/---

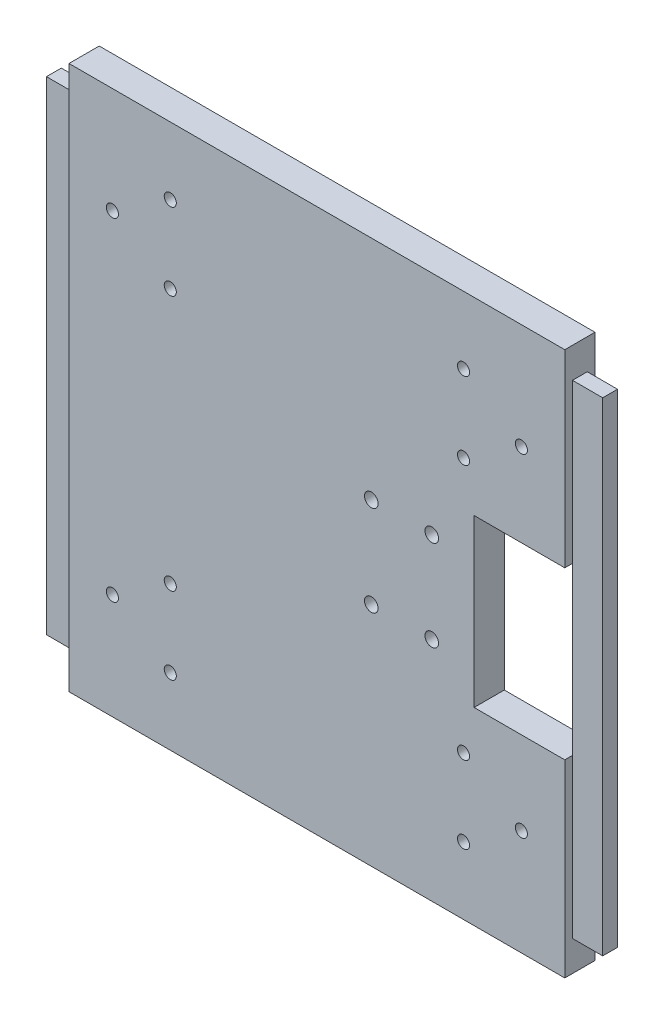
ISO-10303-21;
HEADER;
FILE_DESCRIPTION(('STEP AP214'),'2;1');
FILE_NAME('part.step','',(''),(''),'','','');
FILE_SCHEMA(('AUTOMOTIVE_DESIGN { 1 0 10303 214 1 1 1 1 }'));
ENDSEC;
DATA;
#1=APPLICATION_CONTEXT('core data for automotive mechanical design processes');
#2=APPLICATION_PROTOCOL_DEFINITION('international standard','automotive_design',2000,#1);
#3=PRODUCT_CONTEXT('',#1,'mechanical');
#4=PRODUCT('Part','Part','',(#3));
#5=PRODUCT_RELATED_PRODUCT_CATEGORY('part','',(#4));
#6=PRODUCT_DEFINITION_FORMATION('','',#4);
#7=PRODUCT_DEFINITION_CONTEXT('part definition',#1,'design');
#8=PRODUCT_DEFINITION('design','',#6,#7);
#9=PRODUCT_DEFINITION_SHAPE('','',#8);
#10=(LENGTH_UNIT() NAMED_UNIT(*) SI_UNIT(.MILLI.,.METRE.));
#11=(NAMED_UNIT(*) PLANE_ANGLE_UNIT() SI_UNIT($,.RADIAN.));
#12=(NAMED_UNIT(*) SI_UNIT($,.STERADIAN.) SOLID_ANGLE_UNIT());
#13=UNCERTAINTY_MEASURE_WITH_UNIT(LENGTH_MEASURE(1.E-05),#10,'distance_accuracy_value','');
#14=(GEOMETRIC_REPRESENTATION_CONTEXT(3) GLOBAL_UNCERTAINTY_ASSIGNED_CONTEXT((#13)) GLOBAL_UNIT_ASSIGNED_CONTEXT((#10,
#11,#12)) REPRESENTATION_CONTEXT('',''));
#15=CARTESIAN_POINT('',(0.,0.,0.));
#16=DIRECTION('',(0.,0.,1.));
#17=DIRECTION('',(1.,0.,0.));
#18=AXIS2_PLACEMENT_3D('',#15,#16,#17);
#19=CARTESIAN_POINT('',(164.,0.,10.));
#20=DIRECTION('',(-1.,0.,0.));
#21=DIRECTION('',(0.,0.,1.));
#22=AXIS2_PLACEMENT_3D('',#19,#20,#21);
#23=PLANE('',#22);
#24=DIRECTION('',(0.,0.,1.));
#25=VECTOR('',#24,1.);
#26=CARTESIAN_POINT('',(164.,117.5,0.));
#27=LINE('',#26,#25);
#28=CARTESIAN_POINT('',(164.,117.5,0.));
#29=VERTEX_POINT('',#28);
#30=CARTESIAN_POINT('',(164.,117.5,2.55));
#31=VERTEX_POINT('',#30);
#32=EDGE_CURVE('E52',#29,#31,#27,.T.);
#33=ORIENTED_EDGE('',*,*,#32,.F.);
#34=DIRECTION('',(0.,1.,0.));
#35=VECTOR('',#34,1.);
#36=CARTESIAN_POINT('',(164.,0.,0.));
#37=LINE('',#36,#35);
#38=CARTESIAN_POINT('',(164.,180.,0.));
#39=VERTEX_POINT('',#38);
#40=EDGE_CURVE('E390',#29,#39,#37,.T.);
#41=ORIENTED_EDGE('',*,*,#40,.T.);
#42=DIRECTION('',(0.,0.,-1.));
#43=VECTOR('',#42,1.);
#44=CARTESIAN_POINT('',(164.,180.,10.));
#45=LINE('',#44,#43);
#46=CARTESIAN_POINT('',(164.,180.,10.));
#47=VERTEX_POINT('',#46);
#48=EDGE_CURVE('E396',#47,#39,#45,.T.);
#49=ORIENTED_EDGE('',*,*,#48,.F.);
#50=DIRECTION('',(0.,1.,0.));
#51=VECTOR('',#50,1.);
#52=CARTESIAN_POINT('',(164.,0.,10.));
#53=LINE('',#52,#51);
#54=CARTESIAN_POINT('',(164.,117.5,10.));
#55=VERTEX_POINT('',#54);
#56=EDGE_CURVE('E379',#55,#47,#53,.T.);
#57=ORIENTED_EDGE('',*,*,#56,.F.);
#58=CARTESIAN_POINT('',(164.,117.5,7.45));
#59=VERTEX_POINT('',#58);
#60=EDGE_CURVE('E202',#59,#55,#27,.T.);
#61=ORIENTED_EDGE('',*,*,#60,.F.);
#62=DIRECTION('',(0.,1.,0.));
#63=VECTOR('',#62,1.);
#64=CARTESIAN_POINT('',(164.,169.95,7.44999999999999));
#65=LINE('',#64,#63);
#66=CARTESIAN_POINT('',(164.,169.95,7.44999999999999));
#67=VERTEX_POINT('',#66);
#68=EDGE_CURVE('E322',#59,#67,#65,.T.);
#69=ORIENTED_EDGE('',*,*,#68,.T.);
#70=DIRECTION('',(0.,0.,-1.));
#71=VECTOR('',#70,1.);
#72=CARTESIAN_POINT('',(164.,169.95,2.54999999999999));
#73=LINE('',#72,#71);
#74=CARTESIAN_POINT('',(164.,169.95,2.54999999999999));
#75=VERTEX_POINT('',#74);
#76=EDGE_CURVE('E319',#67,#75,#73,.T.);
#77=ORIENTED_EDGE('',*,*,#76,.T.);
#78=DIRECTION('',(0.,-1.,0.));
#79=VECTOR('',#78,1.);
#80=CARTESIAN_POINT('',(164.,169.95,2.54999999999999));
#81=LINE('',#80,#79);
#82=EDGE_CURVE('E316',#75,#31,#81,.T.);
#83=ORIENTED_EDGE('',*,*,#82,.T.);
#84=EDGE_LOOP('',(#33,#41,#49,#57,#61,#69,#77,#83));
#85=FACE_BOUND('',#84,.T.);
#86=ADVANCED_FACE('F37',(#85),#23,.F.);
#87=CARTESIAN_POINT('',(0.,0.,10.));
#88=DIRECTION('',(0.,0.,-1.));
#89=DIRECTION('',(-1.,0.,0.));
#90=AXIS2_PLACEMENT_3D('',#87,#88,#89);
#91=PLANE('',#90);
#92=CARTESIAN_POINT('',(149.642557300424,145.,10.));
#93=DIRECTION('',(0.,0.,-1.));
#94=DIRECTION('',(-1.,0.,0.));
#95=AXIS2_PLACEMENT_3D('',#92,#93,#94);
#96=CIRCLE('',#95,2.);
#97=CARTESIAN_POINT('',(147.642557300424,145.,10.));
#98=VERTEX_POINT('',#97);
#99=EDGE_CURVE('E296',#98,#98,#96,.T.);
#100=ORIENTED_EDGE('',*,*,#99,.T.);
#101=EDGE_LOOP('',(#100));
#102=FACE_BOUND('',#101,.T.);
#103=CARTESIAN_POINT('',(14.3574426995764,35.,10.));
#104=DIRECTION('',(0.,0.,-1.));
#105=DIRECTION('',(1.,0.,0.));
#106=AXIS2_PLACEMENT_3D('',#103,#104,#105);
#107=CIRCLE('',#106,2.);
#108=CARTESIAN_POINT('',(16.3574426995764,35.,10.));
#109=VERTEX_POINT('',#108);
#110=EDGE_CURVE('E243',#109,#109,#107,.T.);
#111=ORIENTED_EDGE('',*,*,#110,.T.);
#112=EDGE_LOOP('',(#111));
#113=FACE_BOUND('',#112,.T.);
#114=CARTESIAN_POINT('',(33.5,22.25,10.));
#115=DIRECTION('',(0.,0.,-1.));
#116=DIRECTION('',(1.,0.,0.));
#117=AXIS2_PLACEMENT_3D('',#114,#115,#116);
#118=CIRCLE('',#117,2.00000000000001);
#119=CARTESIAN_POINT('',(35.5,22.25,10.));
#120=VERTEX_POINT('',#119);
#121=EDGE_CURVE('E237',#120,#120,#118,.T.);
#122=ORIENTED_EDGE('',*,*,#121,.T.);
#123=EDGE_LOOP('',(#122));
#124=FACE_BOUND('',#123,.T.);
#125=CARTESIAN_POINT('',(33.5,47.75,10.));
#126=DIRECTION('',(0.,0.,-1.));
#127=DIRECTION('',(1.,0.,0.));
#128=AXIS2_PLACEMENT_3D('',#125,#126,#127);
#129=CIRCLE('',#128,2.);
#130=CARTESIAN_POINT('',(35.5,47.75,10.));
#131=VERTEX_POINT('',#130);
#132=EDGE_CURVE('E230',#131,#131,#129,.T.);
#133=ORIENTED_EDGE('',*,*,#132,.T.);
#134=EDGE_LOOP('',(#133));
#135=FACE_BOUND('',#134,.T.);
#136=CARTESIAN_POINT('',(130.5,157.75,10.));
#137=DIRECTION('',(0.,0.,-1.));
#138=DIRECTION('',(-1.,0.,0.));
#139=AXIS2_PLACEMENT_3D('',#136,#137,#138);
#140=CIRCLE('',#139,2.);
#141=CARTESIAN_POINT('',(128.5,157.75,10.));
#142=VERTEX_POINT('',#141);
#143=EDGE_CURVE('E272',#142,#142,#140,.T.);
#144=ORIENTED_EDGE('',*,*,#143,.T.);
#145=EDGE_LOOP('',(#144));
#146=FACE_BOUND('',#145,.T.);
#147=CARTESIAN_POINT('',(130.5,132.25,10.));
#148=DIRECTION('',(0.,0.,-1.));
#149=DIRECTION('',(-1.,0.,0.));
#150=AXIS2_PLACEMENT_3D('',#147,#148,#149);
#151=CIRCLE('',#150,2.);
#152=CARTESIAN_POINT('',(128.5,132.25,10.));
#153=VERTEX_POINT('',#152);
#154=EDGE_CURVE('E279',#153,#153,#151,.T.);
#155=ORIENTED_EDGE('',*,*,#154,.T.);
#156=EDGE_LOOP('',(#155));
#157=FACE_BOUND('',#156,.T.);
#158=CARTESIAN_POINT('',(14.3574426995764,145.,10.));
#159=DIRECTION('',(0.,0.,-1.));
#160=DIRECTION('',(-1.,0.,0.));
#161=AXIS2_PLACEMENT_3D('',#158,#159,#160);
#162=CIRCLE('',#161,2.);
#163=CARTESIAN_POINT('',(12.3574426995764,145.,10.));
#164=VERTEX_POINT('',#163);
#165=EDGE_CURVE('E285',#164,#164,#162,.T.);
#166=ORIENTED_EDGE('',*,*,#165,.T.);
#167=EDGE_LOOP('',(#166));
#168=FACE_BOUND('',#167,.T.);
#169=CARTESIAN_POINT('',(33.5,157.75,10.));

\---

### Exercise directions
From the material above, set down exactly the lines starting at the one with "#67=VERTEX_POINT('',#66);" and ending at the one with "#105=DIRECTION('',(1.,0.,0.));", end lines included.

### Written response
#67=VERTEX_POINT('',#66);
#68=EDGE_CURVE('E322',#59,#67,#65,.T.);
#69=ORIENTED_EDGE('',*,*,#68,.T.);
#70=DIRECTION('',(0.,0.,-1.));
#71=VECTOR('',#70,1.);
#72=CARTESIAN_POINT('',(164.,169.95,2.54999999999999));
#73=LINE('',#72,#71);
#74=CARTESIAN_POINT('',(164.,169.95,2.54999999999999));
#75=VERTEX_POINT('',#74);
#76=EDGE_CURVE('E319',#67,#75,#73,.T.);
#77=ORIENTED_EDGE('',*,*,#76,.T.);
#78=DIRECTION('',(0.,-1.,0.));
#79=VECTOR('',#78,1.);
#80=CARTESIAN_POINT('',(164.,169.95,2.54999999999999));
#81=LINE('',#80,#79);
#82=EDGE_CURVE('E316',#75,#31,#81,.T.);
#83=ORIENTED_EDGE('',*,*,#82,.T.);
#84=EDGE_LOOP('',(#33,#41,#49,#57,#61,#69,#77,#83));
#85=FACE_BOUND('',#84,.T.);
#86=ADVANCED_FACE('F37',(#85),#23,.F.);
#87=CARTESIAN_POINT('',(0.,0.,10.));
#88=DIRECTION('',(0.,0.,-1.));
#89=DIRECTION('',(-1.,0.,0.));
#90=AXIS2_PLACEMENT_3D('',#87,#88,#89);
#91=PLANE('',#90);
#92=CARTESIAN_POINT('',(149.642557300424,145.,10.));
#93=DIRECTION('',(0.,0.,-1.));
#94=DIRECTION('',(-1.,0.,0.));
#95=AXIS2_PLACEMENT_3D('',#92,#93,#94);
#96=CIRCLE('',#95,2.);
#97=CARTESIAN_POINT('',(147.642557300424,145.,10.));
#98=VERTEX_POINT('',#97);
#99=EDGE_CURVE('E296',#98,#98,#96,.T.);
#100=ORIENTED_EDGE('',*,*,#99,.T.);
#101=EDGE_LOOP('',(#100));
#102=FACE_BOUND('',#101,.T.);
#103=CARTESIAN_POINT('',(14.3574426995764,35.,10.));
#104=DIRECTION('',(0.,0.,-1.));
#105=DIRECTION('',(1.,0.,0.));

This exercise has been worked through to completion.